La Cuenca del Guadalquivir, la que da de beber a 3,8 millones de andaluces, tiene serios problemas de contaminación, fundamentalmente en los ríos de su margen izquierda, que es donde se concentran la mayoría de la población y en la que hay una actividad agrícola más intensa relacionada con el regadíos. Y es que es ahí donde radica buena parte del problema: aún no se obtienen unos niveles aceptables de depuración en los vertidos urbanos e industriales en un 65% de los municipios y los nutrientes agrícolas, la erosión y los fitosanitarios continúan fuera de control.

Hasta tal punto que Agustín Argüelles, jefe de la Oficina de Planificación Hidrológica de la CHG, afirma que aún poniendo en marcha todas las medidas previstas para reducir la contaminación difusa que generan los fitosanitaríos sería ya imposible conseguir alcanzar los objetivos europeos.

Las alteraciones morfológicas, la degradación de la vegetación de ribera, las extracciones por encima del caudal que permite la recuperación de los acuíferos y la regulación constituyen otros de los grandes problemas de las aguas del Guadalquivir

Para evaluar el estado de la demarcación desde la CHG se ha seguido un estudio pormenorizado a lo largo de las 431 masas de aguas existentes, teniendo en cuenta once valores que permiten definir el estado biológico, el hidromofológico y el físico-químico. En los grandes ejes del Guadalquivir y el Genil se ha detectado, por ejemplo, que uno de los principales impedimentos para conseguir la buena situación ecológica de sus caudales es el alto índice de alteración por las barreras artificiales levantadas, hay que tener en cuenta que se trata de una de las cuencas más reguladas del España.

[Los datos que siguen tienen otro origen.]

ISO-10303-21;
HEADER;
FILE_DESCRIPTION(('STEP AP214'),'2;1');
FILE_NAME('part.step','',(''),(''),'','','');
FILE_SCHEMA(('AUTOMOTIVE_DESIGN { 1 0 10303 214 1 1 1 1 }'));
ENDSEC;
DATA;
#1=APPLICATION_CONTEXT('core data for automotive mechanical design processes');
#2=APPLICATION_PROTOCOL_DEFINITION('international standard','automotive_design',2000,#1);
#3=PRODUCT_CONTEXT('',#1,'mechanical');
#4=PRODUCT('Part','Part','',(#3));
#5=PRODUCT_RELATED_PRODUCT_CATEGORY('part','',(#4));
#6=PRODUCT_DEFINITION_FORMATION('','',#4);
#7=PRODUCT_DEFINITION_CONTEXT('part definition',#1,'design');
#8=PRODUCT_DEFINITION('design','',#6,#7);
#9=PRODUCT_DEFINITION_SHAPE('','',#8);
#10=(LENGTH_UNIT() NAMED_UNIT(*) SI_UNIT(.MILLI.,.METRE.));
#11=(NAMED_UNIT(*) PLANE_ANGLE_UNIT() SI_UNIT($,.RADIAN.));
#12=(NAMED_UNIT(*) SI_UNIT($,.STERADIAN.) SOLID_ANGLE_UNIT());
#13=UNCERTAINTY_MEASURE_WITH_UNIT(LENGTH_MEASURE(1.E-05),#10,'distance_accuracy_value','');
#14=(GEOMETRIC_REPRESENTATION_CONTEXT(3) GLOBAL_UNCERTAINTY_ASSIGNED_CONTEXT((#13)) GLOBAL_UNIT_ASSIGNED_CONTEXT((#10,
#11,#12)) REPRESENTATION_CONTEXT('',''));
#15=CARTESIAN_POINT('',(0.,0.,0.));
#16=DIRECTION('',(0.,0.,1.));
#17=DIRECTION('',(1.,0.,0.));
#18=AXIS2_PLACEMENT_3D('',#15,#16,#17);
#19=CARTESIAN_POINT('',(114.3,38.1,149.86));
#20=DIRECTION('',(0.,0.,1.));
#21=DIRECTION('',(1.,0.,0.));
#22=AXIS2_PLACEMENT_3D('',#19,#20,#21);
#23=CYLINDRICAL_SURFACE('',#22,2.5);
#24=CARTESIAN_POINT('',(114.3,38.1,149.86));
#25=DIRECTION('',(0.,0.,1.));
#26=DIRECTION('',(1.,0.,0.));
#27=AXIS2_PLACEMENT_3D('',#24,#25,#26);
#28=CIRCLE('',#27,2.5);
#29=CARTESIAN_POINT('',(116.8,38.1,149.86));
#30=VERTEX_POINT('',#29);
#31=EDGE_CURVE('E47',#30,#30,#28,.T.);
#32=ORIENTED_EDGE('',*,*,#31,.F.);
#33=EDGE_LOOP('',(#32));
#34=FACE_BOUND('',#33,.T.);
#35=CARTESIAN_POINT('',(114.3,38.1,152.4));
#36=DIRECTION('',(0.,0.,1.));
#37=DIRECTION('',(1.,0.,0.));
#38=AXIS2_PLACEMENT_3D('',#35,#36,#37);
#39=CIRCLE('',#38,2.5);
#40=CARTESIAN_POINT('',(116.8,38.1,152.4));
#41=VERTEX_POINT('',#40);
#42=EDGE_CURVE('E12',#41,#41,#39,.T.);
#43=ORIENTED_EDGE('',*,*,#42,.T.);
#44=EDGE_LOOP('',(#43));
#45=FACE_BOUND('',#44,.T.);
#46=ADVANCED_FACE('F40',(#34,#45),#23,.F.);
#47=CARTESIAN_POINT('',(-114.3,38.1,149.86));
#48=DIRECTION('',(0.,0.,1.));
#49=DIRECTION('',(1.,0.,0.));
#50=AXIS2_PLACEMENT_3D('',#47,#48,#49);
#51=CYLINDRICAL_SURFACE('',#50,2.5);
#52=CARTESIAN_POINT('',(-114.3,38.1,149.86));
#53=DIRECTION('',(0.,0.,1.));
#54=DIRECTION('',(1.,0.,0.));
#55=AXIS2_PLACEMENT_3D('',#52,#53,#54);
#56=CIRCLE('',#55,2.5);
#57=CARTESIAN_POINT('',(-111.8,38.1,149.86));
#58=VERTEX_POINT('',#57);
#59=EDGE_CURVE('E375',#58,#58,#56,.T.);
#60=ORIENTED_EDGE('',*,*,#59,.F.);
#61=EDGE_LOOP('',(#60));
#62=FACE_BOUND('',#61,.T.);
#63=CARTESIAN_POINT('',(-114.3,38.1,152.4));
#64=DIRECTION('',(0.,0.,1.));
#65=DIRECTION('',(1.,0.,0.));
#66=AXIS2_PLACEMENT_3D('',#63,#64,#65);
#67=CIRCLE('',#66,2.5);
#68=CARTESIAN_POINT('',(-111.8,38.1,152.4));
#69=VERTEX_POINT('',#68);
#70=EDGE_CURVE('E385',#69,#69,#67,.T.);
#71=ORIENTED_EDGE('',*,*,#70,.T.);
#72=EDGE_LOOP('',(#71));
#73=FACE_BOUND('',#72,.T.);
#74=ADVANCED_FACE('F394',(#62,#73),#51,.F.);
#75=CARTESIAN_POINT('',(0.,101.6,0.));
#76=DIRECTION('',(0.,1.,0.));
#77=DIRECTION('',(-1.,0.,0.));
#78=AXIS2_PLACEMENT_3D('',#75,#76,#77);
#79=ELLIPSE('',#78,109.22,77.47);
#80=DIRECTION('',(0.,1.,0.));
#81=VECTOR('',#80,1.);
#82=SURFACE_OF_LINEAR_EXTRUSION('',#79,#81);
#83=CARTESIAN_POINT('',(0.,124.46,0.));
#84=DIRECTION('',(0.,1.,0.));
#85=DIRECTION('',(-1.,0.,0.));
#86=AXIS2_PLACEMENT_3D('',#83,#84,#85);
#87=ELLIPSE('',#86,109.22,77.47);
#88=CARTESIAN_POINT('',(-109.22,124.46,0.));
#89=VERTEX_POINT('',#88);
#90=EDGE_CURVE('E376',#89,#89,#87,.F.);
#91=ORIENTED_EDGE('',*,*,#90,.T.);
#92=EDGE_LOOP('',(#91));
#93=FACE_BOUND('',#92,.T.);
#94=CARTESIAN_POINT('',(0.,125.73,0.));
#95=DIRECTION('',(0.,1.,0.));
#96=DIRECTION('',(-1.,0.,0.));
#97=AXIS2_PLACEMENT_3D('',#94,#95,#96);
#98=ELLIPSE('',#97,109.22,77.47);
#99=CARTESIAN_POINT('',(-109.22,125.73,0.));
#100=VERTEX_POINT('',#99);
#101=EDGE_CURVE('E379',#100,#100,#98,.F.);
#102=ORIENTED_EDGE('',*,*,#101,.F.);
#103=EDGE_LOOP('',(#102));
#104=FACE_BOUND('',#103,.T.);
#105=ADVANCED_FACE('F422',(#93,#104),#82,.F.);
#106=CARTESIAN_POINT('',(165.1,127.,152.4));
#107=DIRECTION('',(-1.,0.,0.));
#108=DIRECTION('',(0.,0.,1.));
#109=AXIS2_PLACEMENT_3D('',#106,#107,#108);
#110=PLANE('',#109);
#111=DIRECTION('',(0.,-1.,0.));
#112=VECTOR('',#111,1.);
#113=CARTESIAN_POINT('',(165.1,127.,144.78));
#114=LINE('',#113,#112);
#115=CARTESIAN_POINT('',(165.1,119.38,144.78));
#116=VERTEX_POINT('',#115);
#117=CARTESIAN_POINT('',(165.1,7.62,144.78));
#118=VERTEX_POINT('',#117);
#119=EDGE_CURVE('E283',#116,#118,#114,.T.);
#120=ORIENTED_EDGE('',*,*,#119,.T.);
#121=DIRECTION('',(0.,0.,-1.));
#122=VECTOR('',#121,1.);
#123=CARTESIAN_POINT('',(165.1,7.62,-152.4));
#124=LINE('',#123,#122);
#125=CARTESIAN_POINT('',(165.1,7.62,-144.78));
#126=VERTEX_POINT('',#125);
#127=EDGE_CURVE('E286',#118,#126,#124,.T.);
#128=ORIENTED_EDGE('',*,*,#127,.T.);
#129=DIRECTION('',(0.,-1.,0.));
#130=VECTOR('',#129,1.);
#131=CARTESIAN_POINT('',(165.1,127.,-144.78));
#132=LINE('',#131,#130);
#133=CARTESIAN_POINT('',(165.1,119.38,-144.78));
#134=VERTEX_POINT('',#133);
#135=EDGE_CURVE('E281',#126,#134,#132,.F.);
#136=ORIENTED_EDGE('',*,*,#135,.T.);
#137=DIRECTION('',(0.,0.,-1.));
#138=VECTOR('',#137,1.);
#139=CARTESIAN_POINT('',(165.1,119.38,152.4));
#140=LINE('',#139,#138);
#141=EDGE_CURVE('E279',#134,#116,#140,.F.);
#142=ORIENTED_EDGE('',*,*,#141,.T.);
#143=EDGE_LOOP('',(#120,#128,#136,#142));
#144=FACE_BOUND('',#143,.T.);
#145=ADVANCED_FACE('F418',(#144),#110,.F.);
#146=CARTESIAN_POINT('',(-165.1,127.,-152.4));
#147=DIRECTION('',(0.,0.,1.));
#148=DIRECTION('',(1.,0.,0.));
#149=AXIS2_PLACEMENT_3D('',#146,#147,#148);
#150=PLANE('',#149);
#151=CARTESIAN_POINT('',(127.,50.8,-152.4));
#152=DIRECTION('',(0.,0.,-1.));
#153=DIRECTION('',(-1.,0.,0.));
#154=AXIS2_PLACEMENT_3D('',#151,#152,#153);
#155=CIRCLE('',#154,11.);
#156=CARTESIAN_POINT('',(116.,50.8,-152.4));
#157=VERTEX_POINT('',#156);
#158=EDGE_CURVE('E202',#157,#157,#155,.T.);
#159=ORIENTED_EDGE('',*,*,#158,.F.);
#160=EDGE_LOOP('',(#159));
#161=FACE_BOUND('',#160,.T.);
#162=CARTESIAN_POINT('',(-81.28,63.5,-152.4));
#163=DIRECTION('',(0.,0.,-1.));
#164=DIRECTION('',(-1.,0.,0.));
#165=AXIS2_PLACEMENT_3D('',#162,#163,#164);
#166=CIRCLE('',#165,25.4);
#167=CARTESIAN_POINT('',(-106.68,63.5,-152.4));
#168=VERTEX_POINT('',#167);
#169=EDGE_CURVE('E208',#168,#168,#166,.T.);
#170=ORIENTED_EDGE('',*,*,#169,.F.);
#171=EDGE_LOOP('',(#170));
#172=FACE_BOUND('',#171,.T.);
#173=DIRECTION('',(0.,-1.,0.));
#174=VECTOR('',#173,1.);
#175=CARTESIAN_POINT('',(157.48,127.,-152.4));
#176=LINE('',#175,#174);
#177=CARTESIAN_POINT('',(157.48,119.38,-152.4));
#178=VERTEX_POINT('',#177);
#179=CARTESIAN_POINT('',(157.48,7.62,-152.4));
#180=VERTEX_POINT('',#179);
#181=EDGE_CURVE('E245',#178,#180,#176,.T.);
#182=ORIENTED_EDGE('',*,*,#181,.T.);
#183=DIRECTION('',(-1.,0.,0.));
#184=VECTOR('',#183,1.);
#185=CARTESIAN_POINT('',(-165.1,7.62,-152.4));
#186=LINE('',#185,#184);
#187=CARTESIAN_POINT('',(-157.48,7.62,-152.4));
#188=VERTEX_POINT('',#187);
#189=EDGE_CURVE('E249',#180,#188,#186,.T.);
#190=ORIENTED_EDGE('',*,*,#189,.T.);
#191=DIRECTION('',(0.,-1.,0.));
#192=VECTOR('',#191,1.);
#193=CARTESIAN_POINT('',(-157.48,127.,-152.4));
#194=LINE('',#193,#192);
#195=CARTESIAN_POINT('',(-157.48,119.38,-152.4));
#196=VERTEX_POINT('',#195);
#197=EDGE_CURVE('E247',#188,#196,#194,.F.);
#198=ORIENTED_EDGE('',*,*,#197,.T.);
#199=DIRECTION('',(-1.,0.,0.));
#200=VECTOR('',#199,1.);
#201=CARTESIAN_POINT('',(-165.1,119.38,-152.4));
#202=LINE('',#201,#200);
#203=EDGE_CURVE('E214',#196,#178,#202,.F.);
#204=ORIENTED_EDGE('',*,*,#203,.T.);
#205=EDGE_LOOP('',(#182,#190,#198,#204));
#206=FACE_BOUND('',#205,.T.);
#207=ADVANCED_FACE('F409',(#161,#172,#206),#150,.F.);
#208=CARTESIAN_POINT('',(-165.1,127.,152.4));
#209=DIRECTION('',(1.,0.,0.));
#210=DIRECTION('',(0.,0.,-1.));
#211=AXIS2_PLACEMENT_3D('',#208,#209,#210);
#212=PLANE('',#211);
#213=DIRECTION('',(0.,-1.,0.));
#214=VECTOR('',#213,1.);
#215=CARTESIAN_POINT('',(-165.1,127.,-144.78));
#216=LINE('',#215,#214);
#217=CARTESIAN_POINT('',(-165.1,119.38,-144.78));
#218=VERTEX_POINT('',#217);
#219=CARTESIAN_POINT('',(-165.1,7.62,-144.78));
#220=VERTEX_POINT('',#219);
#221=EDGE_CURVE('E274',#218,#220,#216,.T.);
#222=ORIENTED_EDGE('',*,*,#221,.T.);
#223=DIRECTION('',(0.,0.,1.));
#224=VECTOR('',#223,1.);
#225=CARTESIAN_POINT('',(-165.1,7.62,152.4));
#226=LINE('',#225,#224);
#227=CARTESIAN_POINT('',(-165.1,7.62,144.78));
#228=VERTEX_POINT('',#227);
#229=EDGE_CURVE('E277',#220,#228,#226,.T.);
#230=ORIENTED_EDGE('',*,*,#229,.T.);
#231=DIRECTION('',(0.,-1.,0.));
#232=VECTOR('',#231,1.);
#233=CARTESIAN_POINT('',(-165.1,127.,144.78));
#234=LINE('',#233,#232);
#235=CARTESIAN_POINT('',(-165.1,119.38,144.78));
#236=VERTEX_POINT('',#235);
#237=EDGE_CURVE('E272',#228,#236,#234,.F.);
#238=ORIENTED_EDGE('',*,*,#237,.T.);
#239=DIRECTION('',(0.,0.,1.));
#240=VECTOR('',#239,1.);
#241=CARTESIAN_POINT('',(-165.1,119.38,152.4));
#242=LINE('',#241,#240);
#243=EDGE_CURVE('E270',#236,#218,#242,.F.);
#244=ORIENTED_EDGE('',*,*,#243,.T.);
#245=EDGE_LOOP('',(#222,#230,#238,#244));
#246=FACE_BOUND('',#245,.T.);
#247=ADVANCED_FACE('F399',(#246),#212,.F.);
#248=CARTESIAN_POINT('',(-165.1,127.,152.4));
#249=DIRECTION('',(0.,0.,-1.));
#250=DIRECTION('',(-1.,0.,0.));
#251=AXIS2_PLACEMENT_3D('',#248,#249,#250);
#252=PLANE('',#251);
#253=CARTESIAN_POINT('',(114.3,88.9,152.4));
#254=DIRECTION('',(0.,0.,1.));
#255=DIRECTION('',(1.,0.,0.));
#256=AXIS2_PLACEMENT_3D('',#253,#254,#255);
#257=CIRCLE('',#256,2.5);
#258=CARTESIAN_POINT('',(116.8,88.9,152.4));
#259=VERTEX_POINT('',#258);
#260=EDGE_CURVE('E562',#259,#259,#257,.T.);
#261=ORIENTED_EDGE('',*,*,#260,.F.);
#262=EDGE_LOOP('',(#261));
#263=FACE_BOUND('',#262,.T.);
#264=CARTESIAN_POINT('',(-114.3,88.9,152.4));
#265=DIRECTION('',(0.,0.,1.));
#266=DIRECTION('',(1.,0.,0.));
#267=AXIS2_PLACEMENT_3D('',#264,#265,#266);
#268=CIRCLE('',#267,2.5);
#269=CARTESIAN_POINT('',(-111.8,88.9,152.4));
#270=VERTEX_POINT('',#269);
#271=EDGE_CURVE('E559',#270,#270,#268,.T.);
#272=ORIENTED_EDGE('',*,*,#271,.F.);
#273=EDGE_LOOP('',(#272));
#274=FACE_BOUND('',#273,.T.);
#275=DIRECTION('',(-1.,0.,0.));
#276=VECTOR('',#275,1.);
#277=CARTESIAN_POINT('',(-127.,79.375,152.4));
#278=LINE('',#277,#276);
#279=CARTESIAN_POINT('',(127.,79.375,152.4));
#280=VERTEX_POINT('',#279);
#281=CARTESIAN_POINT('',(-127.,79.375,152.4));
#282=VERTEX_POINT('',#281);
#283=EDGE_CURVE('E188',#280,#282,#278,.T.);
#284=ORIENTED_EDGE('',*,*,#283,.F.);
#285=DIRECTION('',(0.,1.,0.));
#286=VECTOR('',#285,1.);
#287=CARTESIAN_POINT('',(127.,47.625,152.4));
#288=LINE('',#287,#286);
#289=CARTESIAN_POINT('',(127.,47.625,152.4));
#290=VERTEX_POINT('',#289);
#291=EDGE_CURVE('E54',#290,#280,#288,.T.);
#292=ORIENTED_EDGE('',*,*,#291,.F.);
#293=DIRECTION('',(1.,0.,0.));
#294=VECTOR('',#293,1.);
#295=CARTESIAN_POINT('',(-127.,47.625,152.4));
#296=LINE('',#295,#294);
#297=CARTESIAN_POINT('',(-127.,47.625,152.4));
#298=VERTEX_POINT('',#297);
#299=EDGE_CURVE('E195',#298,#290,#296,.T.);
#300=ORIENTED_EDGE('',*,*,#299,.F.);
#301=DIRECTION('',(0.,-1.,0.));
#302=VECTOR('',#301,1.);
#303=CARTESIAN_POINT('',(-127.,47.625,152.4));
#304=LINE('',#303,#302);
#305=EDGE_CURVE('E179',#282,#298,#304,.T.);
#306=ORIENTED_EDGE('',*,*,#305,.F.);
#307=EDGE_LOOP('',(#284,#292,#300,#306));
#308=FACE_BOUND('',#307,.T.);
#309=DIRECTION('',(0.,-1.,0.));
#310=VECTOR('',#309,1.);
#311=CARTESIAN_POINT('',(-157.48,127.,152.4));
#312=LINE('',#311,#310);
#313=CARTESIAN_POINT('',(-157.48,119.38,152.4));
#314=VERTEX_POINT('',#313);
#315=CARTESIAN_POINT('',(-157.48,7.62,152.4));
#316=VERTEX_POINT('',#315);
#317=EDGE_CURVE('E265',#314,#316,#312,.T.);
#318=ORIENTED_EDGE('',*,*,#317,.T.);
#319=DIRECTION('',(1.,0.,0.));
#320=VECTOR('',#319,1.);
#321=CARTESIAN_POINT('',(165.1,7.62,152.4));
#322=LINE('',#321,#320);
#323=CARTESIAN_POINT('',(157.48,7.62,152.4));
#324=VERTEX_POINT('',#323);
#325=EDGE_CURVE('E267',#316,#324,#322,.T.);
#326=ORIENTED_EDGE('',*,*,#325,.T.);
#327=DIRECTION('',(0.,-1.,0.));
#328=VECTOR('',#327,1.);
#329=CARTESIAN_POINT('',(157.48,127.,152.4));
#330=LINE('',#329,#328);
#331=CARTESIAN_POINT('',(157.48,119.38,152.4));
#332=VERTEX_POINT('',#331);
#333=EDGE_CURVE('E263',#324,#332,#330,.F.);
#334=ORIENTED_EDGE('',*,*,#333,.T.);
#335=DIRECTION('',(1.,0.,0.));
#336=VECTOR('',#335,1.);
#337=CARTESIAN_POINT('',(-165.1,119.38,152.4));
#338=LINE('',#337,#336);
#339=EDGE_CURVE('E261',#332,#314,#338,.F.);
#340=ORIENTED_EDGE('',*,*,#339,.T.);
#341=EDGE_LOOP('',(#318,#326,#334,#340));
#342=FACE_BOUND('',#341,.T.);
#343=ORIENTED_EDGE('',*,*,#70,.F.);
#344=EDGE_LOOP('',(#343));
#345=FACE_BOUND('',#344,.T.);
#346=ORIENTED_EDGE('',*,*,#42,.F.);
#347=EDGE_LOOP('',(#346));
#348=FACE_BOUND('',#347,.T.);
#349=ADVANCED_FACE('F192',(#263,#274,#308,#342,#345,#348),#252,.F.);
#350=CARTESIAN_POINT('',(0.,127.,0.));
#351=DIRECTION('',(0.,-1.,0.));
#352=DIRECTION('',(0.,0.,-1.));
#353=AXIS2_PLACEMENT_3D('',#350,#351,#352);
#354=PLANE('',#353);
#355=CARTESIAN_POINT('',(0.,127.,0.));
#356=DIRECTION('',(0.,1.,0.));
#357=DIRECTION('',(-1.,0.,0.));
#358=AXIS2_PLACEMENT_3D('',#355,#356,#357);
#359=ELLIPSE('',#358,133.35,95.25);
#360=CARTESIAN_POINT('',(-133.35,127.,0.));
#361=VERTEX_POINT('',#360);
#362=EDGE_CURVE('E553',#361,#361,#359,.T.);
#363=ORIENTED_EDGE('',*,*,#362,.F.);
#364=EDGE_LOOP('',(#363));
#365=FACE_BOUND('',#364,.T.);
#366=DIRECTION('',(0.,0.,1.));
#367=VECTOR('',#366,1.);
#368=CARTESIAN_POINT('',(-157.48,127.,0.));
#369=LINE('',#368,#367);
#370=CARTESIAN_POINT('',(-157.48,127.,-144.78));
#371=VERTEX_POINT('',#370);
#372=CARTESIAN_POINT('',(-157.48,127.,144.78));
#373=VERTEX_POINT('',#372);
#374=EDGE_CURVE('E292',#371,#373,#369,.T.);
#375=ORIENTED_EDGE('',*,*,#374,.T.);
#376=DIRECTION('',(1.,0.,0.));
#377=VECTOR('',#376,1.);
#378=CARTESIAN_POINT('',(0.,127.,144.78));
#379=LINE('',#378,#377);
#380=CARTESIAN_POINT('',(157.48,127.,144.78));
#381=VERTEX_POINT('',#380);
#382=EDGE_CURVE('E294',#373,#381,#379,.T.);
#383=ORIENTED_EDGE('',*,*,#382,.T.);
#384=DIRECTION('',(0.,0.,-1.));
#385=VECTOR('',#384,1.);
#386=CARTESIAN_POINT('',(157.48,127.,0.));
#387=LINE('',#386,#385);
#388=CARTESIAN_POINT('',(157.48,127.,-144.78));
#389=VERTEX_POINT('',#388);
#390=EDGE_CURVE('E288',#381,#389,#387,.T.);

La Directiva Marco obliga a proteger, mejorar y regenerar todas las masas de agua superficial a más tardar antes de 2015, utilizándose para su evaluación una comparación de las condiciones actuales con las que habría en una situación natural, sin alteración de la cuenca. Agustín Argüelles considera ya imposible conseguir este objetivo en el plazo previsto por Bruselas, entre otras razones, por el alto coste que tendrían las medidas a aplicar en tan poco espacio de tiempo, por lo que España tendría que acogerse a las excepciones que, con restricciones, prevé la legislación.

----------